As the Bailey (of bridge fame) was a British public servant (and one of his bridges still survives over the Matanikau River in Honiara) I always imagined that the Marsden (or Marston) of the matting was also a person.

While living on Guadalcanal, I often met visiting US Marine veterans who were surprised at how well the matting had survived from World War Two. They called it Marston and (in that pre-Google era) I had to go to the history books to check it out. With Google, we discover that it was named after the town of Marston which was near Camp Mackall, a major WWII airborne training camp.

Having viewed Marston, NC through Google on-line, one can't help but wonder why they tested the matting in a place which looks like a one-horse town. Maybe it was bigger then.

But why didn't they call it Mackall Matting instead? This also has a nice alliterative tone to it and would seem more logical, given that it was a military base. Another historical strand for me to pedantically pursue!

Laurie Meintjes

Thank you, Martin, for pointing out the correct spelling and derivation of Marston matting. However, there must be something (perhaps euphony) in its ubiquitous alternative, Marsden, that attracts the ear and, for that matter, Google. It even crops up in the recollections of some of those who saw or handled the stuff during WW2. Ron Wylie, who served as a Deck Officer on various BP vessels during the war years, recalls berthing at the B.H.P.wharf in Newcastle "to load a large quantity of Marsden Matting". I seem to be in good company, even if we are all wrong.

Martin Hadlow

Really enjoyed the excerpt about Port Moresby airport in 1962. I'm sure the reference to 'Marsden matting' [sic] takes us all back to our time in the Pacific where we saw this product being used in just about every post-war situation. And it's still going now! Pig pens, fences, foot bridges, you name it.

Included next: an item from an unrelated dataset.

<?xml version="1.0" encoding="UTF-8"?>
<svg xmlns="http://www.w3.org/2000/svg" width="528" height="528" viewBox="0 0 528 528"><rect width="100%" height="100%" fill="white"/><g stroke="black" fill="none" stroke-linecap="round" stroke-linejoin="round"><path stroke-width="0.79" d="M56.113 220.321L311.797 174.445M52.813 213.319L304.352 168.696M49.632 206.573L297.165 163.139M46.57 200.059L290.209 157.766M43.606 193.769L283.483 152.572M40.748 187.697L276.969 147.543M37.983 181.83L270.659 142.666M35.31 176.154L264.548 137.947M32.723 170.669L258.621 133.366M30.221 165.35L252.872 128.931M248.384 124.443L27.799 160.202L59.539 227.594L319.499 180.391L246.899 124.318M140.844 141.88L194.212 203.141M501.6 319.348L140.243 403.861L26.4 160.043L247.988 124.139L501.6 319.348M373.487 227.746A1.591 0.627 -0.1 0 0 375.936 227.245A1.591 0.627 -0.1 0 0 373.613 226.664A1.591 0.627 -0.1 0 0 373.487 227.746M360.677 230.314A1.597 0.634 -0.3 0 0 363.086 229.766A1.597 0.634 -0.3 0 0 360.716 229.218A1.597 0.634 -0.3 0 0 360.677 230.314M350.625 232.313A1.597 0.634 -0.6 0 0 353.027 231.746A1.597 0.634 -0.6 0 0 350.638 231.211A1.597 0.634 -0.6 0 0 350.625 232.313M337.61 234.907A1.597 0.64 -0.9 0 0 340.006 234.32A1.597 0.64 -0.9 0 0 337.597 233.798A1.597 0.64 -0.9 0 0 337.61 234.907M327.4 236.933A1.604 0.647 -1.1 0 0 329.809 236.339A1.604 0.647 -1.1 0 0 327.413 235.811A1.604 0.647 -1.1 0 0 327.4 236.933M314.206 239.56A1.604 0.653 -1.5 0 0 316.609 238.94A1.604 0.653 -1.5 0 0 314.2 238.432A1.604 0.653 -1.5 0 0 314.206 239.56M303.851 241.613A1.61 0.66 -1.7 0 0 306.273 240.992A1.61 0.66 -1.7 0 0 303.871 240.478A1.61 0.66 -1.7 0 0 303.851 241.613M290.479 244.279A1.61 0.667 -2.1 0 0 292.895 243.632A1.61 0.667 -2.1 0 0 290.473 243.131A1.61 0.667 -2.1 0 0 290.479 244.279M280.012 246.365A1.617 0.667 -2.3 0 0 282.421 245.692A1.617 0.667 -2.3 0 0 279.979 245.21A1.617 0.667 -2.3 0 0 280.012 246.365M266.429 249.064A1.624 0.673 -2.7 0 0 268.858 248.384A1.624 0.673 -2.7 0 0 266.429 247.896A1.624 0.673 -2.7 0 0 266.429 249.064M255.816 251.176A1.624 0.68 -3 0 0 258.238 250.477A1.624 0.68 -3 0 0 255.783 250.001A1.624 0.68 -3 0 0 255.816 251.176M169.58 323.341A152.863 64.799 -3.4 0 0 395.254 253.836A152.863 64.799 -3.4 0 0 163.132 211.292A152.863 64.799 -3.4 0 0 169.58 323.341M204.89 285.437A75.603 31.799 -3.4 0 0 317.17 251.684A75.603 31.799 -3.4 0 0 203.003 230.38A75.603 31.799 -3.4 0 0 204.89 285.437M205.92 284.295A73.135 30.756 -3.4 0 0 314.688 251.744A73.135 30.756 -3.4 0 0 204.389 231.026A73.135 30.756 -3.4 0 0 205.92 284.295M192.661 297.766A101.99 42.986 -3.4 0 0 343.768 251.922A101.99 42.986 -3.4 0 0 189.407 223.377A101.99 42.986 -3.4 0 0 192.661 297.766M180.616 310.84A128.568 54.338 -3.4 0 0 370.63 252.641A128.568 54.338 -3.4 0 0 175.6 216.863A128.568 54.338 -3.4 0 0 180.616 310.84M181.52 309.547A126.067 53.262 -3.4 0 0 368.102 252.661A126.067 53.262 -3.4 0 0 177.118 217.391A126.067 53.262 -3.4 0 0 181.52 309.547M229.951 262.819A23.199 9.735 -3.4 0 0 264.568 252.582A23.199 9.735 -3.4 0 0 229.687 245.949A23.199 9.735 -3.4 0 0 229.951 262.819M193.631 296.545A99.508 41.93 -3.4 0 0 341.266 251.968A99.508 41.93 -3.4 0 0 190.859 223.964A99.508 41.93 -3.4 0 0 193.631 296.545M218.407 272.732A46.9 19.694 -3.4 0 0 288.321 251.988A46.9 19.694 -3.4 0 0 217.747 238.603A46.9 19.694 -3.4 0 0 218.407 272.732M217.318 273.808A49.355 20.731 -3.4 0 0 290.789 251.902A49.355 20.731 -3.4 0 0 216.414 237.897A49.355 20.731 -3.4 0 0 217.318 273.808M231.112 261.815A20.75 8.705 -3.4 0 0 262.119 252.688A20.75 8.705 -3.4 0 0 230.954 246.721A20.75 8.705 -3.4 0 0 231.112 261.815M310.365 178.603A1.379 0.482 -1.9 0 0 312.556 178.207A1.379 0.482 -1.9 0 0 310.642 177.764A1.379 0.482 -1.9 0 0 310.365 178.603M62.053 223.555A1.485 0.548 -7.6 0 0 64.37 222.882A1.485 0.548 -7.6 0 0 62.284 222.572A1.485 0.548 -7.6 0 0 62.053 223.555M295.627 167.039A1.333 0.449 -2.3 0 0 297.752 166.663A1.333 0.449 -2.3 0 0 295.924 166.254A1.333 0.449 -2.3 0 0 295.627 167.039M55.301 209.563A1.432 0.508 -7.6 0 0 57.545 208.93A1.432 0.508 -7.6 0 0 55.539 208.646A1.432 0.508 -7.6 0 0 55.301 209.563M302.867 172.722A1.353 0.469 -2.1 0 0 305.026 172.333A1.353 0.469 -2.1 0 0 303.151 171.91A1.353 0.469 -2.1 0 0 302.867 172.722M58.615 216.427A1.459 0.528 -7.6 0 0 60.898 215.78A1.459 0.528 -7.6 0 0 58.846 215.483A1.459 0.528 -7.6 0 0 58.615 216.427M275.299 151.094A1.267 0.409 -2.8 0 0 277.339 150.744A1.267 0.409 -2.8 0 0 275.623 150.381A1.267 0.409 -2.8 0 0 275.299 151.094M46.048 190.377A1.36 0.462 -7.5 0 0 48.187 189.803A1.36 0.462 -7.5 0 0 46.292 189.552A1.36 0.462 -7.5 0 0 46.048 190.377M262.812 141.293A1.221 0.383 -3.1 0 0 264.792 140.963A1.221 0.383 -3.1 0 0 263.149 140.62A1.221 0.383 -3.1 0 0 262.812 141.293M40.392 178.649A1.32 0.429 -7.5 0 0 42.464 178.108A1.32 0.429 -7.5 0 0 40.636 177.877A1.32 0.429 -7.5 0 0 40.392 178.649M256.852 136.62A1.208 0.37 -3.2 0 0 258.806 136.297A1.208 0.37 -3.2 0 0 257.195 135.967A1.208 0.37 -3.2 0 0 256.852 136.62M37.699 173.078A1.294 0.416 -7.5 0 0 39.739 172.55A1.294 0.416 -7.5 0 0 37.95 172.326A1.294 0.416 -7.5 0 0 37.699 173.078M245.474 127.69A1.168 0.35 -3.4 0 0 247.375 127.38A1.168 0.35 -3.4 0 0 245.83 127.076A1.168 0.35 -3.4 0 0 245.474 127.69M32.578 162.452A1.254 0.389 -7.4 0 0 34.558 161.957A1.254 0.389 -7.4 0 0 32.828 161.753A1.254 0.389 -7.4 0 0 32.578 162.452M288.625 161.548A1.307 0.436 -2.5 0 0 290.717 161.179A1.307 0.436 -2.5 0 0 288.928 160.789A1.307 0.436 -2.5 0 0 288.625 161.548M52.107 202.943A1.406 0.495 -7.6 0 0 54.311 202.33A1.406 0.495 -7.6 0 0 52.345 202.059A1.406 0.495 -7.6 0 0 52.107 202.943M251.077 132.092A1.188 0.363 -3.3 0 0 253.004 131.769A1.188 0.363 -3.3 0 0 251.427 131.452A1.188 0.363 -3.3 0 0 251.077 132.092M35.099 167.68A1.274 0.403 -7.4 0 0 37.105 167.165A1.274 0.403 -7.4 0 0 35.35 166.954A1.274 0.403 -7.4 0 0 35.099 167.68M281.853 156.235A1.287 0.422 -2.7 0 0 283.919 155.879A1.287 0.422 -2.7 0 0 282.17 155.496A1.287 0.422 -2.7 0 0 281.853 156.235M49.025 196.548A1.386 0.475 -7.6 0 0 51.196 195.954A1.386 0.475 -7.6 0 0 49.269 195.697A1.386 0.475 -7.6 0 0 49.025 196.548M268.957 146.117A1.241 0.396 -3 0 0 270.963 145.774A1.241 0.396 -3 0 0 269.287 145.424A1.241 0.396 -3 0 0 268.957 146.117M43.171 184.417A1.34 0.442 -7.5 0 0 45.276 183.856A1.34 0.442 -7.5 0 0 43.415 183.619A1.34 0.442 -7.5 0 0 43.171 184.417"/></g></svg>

I had always heard it called 'Marston matting' and presumed that it had been named after a person, probably the inventor. Not so.

The mention in 'Pretzel Legs' has taken me to the bookshelf and a copy of the official history of the US Army in World War II (The Corps of Engineers: the War Against Japan). I hope I'm not being too pedantic in quoting (p 125) as follows:

"Steel mat was also known as pierced steel plank, pierced plank, or Marston mat, from the name of the town in North Carolina near which this type of mat was first tested".

Apparently, 'Marston mat' was made from a special kind of steel, which is why it hardly rusts and is in use to this day. What an incredible product.